• [Provided records]:
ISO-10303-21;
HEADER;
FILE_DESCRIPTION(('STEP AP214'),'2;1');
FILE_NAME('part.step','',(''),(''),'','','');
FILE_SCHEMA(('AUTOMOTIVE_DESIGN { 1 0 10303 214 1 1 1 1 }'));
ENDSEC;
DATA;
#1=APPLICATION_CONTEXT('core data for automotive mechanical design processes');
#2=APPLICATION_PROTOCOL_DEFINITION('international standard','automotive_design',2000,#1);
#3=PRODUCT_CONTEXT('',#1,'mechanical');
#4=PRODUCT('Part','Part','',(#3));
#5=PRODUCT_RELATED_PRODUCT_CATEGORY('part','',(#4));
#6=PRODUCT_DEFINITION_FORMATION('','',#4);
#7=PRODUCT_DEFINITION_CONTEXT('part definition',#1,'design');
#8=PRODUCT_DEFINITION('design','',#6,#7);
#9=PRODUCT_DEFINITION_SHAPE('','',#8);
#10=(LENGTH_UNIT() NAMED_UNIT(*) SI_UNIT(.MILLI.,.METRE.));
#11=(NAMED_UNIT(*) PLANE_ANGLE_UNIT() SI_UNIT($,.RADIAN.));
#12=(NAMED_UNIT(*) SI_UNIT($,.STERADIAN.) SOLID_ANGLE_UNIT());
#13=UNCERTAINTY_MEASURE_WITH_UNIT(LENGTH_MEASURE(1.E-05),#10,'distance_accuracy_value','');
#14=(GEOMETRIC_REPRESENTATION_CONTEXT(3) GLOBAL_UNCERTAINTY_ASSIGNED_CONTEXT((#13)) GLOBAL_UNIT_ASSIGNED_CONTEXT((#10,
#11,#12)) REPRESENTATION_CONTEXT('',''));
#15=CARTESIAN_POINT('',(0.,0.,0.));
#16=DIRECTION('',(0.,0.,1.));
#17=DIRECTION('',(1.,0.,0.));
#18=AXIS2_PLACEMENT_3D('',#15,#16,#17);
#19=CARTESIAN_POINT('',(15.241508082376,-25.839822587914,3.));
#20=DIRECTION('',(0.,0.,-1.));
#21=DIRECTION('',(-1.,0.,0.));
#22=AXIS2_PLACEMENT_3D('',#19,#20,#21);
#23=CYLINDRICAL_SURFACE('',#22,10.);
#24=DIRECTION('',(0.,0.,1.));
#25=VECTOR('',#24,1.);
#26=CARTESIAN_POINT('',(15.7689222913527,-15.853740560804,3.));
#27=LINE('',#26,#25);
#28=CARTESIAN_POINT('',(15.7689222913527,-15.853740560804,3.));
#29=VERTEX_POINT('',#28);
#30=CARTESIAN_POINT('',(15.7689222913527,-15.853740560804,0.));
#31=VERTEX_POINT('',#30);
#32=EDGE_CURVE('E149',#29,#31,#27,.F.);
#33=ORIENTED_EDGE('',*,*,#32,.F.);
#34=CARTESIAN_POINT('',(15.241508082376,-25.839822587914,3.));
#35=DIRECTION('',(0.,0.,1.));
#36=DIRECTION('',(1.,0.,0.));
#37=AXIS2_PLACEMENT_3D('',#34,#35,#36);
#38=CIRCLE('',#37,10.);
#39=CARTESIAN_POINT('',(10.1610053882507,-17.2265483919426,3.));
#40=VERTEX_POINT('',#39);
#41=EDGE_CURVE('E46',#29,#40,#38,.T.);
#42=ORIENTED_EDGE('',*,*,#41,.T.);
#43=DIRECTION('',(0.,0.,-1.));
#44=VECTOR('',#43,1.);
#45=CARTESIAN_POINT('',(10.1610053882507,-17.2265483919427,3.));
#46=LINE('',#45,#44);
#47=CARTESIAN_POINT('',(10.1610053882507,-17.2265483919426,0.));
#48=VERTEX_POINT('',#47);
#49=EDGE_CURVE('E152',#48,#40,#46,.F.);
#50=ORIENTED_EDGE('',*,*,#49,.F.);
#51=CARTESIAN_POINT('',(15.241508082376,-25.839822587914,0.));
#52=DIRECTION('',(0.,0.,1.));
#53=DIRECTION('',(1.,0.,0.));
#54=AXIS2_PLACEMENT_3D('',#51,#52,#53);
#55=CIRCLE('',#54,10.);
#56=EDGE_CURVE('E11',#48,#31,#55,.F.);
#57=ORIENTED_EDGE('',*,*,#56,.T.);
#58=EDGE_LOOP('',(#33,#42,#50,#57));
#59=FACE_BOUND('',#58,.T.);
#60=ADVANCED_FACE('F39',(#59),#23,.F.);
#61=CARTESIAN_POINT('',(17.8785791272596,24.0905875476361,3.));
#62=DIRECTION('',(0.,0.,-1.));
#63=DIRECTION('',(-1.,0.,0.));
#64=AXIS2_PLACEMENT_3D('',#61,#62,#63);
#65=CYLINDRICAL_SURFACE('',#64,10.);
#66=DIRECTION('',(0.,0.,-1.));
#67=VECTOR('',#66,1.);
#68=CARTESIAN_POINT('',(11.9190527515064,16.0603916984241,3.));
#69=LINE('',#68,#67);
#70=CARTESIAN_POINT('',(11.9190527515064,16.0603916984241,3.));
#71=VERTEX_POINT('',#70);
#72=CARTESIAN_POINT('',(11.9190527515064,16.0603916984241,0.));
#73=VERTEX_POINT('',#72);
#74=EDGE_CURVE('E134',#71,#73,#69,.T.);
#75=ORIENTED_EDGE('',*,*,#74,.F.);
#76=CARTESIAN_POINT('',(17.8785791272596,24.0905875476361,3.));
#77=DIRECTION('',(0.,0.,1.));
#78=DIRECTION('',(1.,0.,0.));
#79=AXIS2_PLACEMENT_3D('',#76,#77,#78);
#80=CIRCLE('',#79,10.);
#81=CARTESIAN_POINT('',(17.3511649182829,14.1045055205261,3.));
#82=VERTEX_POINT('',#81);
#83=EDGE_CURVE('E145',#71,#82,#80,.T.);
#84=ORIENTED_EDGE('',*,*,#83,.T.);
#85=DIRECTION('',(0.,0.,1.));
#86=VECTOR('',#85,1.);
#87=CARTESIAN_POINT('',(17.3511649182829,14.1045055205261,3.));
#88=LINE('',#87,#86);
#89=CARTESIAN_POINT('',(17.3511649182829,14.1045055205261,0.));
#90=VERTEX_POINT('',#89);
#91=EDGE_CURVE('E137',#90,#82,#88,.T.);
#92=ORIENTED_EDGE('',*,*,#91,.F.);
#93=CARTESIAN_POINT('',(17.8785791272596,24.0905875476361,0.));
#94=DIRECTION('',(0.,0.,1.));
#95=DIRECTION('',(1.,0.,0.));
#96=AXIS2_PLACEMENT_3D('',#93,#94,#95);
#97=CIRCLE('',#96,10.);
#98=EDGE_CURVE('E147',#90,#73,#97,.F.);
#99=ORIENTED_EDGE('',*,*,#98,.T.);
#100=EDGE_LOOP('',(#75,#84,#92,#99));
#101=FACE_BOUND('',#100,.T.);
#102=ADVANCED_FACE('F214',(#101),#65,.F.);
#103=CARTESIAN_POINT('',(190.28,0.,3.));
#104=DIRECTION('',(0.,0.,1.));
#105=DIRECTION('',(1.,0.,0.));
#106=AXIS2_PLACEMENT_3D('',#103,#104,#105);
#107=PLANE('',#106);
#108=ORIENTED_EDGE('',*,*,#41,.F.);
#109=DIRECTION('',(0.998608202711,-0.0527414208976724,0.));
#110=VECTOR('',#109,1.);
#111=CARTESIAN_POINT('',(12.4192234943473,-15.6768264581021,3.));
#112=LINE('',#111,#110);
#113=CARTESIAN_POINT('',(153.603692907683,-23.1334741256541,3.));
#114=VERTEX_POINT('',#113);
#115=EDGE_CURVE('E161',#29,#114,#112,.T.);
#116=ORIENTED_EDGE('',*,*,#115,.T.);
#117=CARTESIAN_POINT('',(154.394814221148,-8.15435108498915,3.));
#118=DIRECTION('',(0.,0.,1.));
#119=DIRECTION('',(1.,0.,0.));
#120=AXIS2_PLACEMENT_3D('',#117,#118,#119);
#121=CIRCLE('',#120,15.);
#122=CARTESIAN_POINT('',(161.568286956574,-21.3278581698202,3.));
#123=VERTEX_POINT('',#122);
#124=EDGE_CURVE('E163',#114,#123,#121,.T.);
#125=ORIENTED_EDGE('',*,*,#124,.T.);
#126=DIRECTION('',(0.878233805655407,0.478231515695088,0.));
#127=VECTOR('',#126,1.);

• [Problem requirements]:
Retype only the lines above between the line with "#94=DIRECTION('',(0.,0.,1.));" and the line with "#112=LINE('',#111,#110);", counting those two lines as well, and keep every character as it is.

• [Response for this exercise]:
#94=DIRECTION('',(0.,0.,1.));
#95=DIRECTION('',(1.,0.,0.));
#96=AXIS2_PLACEMENT_3D('',#93,#94,#95);
#97=CIRCLE('',#96,10.);
#98=EDGE_CURVE('E147',#90,#73,#97,.F.);
#99=ORIENTED_EDGE('',*,*,#98,.T.);
#100=EDGE_LOOP('',(#75,#84,#92,#99));
#101=FACE_BOUND('',#100,.T.);
#102=ADVANCED_FACE('F214',(#101),#65,.F.);
#103=CARTESIAN_POINT('',(190.28,0.,3.));
#104=DIRECTION('',(0.,0.,1.));
#105=DIRECTION('',(1.,0.,0.));
#106=AXIS2_PLACEMENT_3D('',#103,#104,#105);
#107=PLANE('',#106);
#108=ORIENTED_EDGE('',*,*,#41,.F.);
#109=DIRECTION('',(0.998608202711,-0.0527414208976724,0.));
#110=VECTOR('',#109,1.);
#111=CARTESIAN_POINT('',(12.4192234943473,-15.6768264581021,3.));
#112=LINE('',#111,#110);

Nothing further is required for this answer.